Work task:
In the listing that follows, the range to quote begins at the line that has "#137=EDGE_CURVE('E218',#128,#136,#134,.T.);" and ends after the line that has "#157=DIRECTION('',(0.,0.,1.));"; quote it verbatim and add nothing.

· · · · · · ·

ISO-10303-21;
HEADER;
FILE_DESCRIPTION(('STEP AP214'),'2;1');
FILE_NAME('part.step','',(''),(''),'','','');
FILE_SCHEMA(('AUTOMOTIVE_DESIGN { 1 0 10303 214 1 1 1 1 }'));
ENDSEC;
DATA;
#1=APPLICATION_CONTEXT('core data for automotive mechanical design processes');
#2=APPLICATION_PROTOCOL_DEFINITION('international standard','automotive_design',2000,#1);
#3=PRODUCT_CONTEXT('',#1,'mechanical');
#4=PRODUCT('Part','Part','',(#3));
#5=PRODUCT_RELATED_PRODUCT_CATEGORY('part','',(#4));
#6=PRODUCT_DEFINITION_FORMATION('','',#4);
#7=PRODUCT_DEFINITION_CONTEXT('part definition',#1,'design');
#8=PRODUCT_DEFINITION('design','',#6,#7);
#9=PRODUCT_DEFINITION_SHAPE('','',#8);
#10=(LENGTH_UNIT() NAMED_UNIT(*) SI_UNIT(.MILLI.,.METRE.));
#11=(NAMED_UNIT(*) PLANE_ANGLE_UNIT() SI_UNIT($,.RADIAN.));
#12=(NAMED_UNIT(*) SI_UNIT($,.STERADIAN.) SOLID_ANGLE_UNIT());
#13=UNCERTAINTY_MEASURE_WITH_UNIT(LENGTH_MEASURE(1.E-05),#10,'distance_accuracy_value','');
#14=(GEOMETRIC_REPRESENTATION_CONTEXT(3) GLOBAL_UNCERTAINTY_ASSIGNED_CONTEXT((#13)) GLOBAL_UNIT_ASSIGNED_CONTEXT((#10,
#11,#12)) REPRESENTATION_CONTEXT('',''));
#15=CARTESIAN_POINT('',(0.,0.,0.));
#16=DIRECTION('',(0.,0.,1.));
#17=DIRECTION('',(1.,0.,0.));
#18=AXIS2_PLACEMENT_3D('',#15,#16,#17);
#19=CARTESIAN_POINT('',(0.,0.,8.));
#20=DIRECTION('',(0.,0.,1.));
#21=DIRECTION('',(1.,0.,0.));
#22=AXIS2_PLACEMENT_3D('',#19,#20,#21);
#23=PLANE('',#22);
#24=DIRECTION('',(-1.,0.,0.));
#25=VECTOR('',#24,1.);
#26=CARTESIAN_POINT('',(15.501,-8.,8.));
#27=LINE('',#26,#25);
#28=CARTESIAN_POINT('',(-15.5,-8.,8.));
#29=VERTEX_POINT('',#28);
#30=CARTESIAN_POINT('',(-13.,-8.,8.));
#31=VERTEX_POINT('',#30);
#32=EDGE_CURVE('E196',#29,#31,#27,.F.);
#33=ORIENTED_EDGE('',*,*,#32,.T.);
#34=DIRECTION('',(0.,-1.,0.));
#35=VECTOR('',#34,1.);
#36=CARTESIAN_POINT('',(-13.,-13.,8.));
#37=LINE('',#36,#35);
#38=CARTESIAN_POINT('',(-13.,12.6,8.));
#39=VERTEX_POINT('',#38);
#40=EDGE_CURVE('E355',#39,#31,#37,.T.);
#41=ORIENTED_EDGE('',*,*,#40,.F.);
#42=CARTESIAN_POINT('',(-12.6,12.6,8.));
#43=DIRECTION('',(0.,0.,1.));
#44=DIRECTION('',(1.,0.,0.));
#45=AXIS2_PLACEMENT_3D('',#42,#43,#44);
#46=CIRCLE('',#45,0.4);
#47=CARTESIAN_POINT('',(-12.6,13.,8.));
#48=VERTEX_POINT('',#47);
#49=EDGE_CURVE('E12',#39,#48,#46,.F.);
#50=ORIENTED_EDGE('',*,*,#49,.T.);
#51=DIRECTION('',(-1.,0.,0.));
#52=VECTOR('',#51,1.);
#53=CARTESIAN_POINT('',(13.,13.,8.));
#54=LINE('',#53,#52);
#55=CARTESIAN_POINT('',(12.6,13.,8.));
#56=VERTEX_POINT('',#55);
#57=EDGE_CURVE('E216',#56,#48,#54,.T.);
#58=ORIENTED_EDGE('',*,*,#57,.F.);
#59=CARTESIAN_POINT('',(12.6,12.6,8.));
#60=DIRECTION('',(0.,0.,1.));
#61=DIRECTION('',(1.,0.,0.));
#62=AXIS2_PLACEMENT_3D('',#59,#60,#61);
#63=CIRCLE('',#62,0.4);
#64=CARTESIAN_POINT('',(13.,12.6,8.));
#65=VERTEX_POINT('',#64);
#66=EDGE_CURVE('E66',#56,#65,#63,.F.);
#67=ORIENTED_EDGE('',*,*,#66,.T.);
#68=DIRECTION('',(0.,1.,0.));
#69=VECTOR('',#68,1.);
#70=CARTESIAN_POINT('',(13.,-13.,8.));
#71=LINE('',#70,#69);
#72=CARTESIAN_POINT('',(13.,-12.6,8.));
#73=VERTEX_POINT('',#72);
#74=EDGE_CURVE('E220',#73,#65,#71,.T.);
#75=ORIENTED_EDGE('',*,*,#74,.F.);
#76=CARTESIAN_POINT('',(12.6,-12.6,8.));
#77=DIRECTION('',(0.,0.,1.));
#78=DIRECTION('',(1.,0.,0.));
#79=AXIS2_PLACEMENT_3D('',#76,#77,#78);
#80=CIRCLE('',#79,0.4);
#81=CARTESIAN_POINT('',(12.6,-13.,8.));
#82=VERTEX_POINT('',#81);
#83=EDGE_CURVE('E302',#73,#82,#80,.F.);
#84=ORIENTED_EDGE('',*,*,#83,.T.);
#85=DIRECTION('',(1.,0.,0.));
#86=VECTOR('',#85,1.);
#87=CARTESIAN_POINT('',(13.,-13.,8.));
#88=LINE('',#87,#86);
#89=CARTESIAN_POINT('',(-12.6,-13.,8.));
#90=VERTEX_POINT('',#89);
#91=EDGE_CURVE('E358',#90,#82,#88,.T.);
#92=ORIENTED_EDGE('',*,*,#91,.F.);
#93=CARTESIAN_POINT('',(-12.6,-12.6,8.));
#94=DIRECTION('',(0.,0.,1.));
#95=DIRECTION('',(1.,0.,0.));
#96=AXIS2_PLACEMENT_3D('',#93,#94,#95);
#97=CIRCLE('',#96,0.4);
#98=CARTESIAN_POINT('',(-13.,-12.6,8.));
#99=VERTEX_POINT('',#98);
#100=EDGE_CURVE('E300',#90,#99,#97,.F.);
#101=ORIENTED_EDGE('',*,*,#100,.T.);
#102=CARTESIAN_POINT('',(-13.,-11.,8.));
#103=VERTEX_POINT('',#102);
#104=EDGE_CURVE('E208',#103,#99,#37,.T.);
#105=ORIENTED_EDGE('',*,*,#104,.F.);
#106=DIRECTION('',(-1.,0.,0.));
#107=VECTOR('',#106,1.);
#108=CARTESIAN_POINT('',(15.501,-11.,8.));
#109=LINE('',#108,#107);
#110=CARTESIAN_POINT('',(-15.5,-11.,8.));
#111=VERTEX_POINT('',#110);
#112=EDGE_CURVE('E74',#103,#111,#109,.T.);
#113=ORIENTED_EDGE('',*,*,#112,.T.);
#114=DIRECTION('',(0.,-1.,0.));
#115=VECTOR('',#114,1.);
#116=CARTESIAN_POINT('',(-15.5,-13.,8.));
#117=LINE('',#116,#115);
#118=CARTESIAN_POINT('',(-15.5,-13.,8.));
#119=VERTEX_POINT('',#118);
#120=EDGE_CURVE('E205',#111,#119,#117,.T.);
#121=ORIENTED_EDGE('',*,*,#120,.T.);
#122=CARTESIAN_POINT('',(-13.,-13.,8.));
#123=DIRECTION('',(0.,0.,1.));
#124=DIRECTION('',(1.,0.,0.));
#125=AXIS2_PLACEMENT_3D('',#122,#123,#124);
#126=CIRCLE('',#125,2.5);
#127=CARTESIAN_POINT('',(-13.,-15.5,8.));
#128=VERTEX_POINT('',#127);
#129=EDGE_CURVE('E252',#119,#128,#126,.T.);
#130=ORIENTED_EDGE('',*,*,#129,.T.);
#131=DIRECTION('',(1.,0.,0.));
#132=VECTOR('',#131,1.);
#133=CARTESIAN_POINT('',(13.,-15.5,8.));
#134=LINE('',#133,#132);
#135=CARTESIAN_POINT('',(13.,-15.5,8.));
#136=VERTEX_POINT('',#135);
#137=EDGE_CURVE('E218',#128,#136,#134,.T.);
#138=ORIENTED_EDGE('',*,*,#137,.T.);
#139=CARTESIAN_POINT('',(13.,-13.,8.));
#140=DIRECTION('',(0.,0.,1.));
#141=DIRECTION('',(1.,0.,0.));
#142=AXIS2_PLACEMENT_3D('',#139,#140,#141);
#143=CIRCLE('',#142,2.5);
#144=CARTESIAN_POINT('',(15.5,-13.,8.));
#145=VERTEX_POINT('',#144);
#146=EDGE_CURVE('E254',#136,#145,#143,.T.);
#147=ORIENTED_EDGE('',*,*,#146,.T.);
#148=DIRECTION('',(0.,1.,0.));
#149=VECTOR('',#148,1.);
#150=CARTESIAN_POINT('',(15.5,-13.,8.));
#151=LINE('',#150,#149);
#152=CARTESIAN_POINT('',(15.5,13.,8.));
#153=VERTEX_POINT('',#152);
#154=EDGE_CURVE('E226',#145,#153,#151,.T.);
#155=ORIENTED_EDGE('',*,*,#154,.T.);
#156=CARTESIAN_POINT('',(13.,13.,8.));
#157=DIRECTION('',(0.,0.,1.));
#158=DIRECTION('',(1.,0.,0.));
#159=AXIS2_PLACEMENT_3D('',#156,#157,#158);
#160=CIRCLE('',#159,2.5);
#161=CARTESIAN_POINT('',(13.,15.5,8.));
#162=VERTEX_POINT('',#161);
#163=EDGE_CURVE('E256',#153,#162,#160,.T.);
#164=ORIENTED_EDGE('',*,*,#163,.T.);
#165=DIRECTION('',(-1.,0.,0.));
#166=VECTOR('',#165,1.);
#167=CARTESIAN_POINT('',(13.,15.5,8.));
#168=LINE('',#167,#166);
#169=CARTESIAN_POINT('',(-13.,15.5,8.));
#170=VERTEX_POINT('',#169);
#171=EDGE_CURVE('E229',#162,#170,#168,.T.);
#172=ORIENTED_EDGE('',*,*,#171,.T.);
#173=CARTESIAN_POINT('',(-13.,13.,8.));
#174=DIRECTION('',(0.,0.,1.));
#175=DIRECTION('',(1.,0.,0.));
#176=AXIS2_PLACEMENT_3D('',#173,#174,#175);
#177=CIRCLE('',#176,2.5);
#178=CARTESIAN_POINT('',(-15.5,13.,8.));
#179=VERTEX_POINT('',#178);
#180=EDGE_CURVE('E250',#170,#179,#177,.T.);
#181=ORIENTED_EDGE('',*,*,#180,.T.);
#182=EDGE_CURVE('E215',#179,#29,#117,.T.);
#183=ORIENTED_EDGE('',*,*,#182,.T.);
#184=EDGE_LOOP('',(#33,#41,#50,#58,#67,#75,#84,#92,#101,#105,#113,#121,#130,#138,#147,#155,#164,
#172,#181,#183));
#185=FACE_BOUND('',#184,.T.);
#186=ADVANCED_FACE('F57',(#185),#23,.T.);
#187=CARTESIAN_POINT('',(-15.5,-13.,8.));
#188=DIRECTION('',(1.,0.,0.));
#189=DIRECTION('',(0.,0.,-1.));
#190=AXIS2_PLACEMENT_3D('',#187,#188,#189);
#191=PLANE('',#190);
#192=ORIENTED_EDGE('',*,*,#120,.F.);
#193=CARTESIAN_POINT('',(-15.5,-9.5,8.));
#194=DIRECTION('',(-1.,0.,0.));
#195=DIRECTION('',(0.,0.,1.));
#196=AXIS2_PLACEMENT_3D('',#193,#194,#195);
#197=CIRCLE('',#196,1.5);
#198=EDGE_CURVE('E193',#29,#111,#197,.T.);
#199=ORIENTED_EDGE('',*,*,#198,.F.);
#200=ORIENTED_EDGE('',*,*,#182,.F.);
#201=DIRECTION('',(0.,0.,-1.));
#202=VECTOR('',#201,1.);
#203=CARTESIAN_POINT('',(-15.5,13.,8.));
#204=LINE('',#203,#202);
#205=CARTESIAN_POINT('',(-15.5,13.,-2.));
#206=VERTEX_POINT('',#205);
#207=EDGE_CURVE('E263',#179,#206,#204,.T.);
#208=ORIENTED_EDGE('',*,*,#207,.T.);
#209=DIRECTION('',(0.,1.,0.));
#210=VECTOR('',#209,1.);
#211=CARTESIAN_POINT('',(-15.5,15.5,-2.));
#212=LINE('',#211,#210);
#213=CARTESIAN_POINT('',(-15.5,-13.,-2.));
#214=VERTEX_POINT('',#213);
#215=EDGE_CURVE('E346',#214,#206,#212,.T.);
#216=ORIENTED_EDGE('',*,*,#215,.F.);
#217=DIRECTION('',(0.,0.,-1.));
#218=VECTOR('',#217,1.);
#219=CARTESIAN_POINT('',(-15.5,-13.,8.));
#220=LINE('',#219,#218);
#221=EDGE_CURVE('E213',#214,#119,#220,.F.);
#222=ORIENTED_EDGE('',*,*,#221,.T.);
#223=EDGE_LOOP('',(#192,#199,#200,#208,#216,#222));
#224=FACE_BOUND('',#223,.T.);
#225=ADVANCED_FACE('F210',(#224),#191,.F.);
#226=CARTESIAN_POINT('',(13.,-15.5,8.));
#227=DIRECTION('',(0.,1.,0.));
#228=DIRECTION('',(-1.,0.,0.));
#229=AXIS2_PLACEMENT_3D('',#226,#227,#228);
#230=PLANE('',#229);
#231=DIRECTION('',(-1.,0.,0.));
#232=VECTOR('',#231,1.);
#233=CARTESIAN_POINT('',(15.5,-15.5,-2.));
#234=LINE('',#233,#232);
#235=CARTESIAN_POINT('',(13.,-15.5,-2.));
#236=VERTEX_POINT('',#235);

· · · · · · ·

Answer space:
#137=EDGE_CURVE('E218',#128,#136,#134,.T.);
#138=ORIENTED_EDGE('',*,*,#137,.T.);
#139=CARTESIAN_POINT('',(13.,-13.,8.));
#140=DIRECTION('',(0.,0.,1.));
#141=DIRECTION('',(1.,0.,0.));
#142=AXIS2_PLACEMENT_3D('',#139,#140,#141);
#143=CIRCLE('',#142,2.5);
#144=CARTESIAN_POINT('',(15.5,-13.,8.));
#145=VERTEX_POINT('',#144);
#146=EDGE_CURVE('E254',#136,#145,#143,.T.);
#147=ORIENTED_EDGE('',*,*,#146,.T.);
#148=DIRECTION('',(0.,1.,0.));
#149=VECTOR('',#148,1.);
#150=CARTESIAN_POINT('',(15.5,-13.,8.));
#151=LINE('',#150,#149);
#152=CARTESIAN_POINT('',(15.5,13.,8.));
#153=VERTEX_POINT('',#152);
#154=EDGE_CURVE('E226',#145,#153,#151,.T.);
#155=ORIENTED_EDGE('',*,*,#154,.T.);
#156=CARTESIAN_POINT('',(13.,13.,8.));
#157=DIRECTION('',(0.,0.,1.));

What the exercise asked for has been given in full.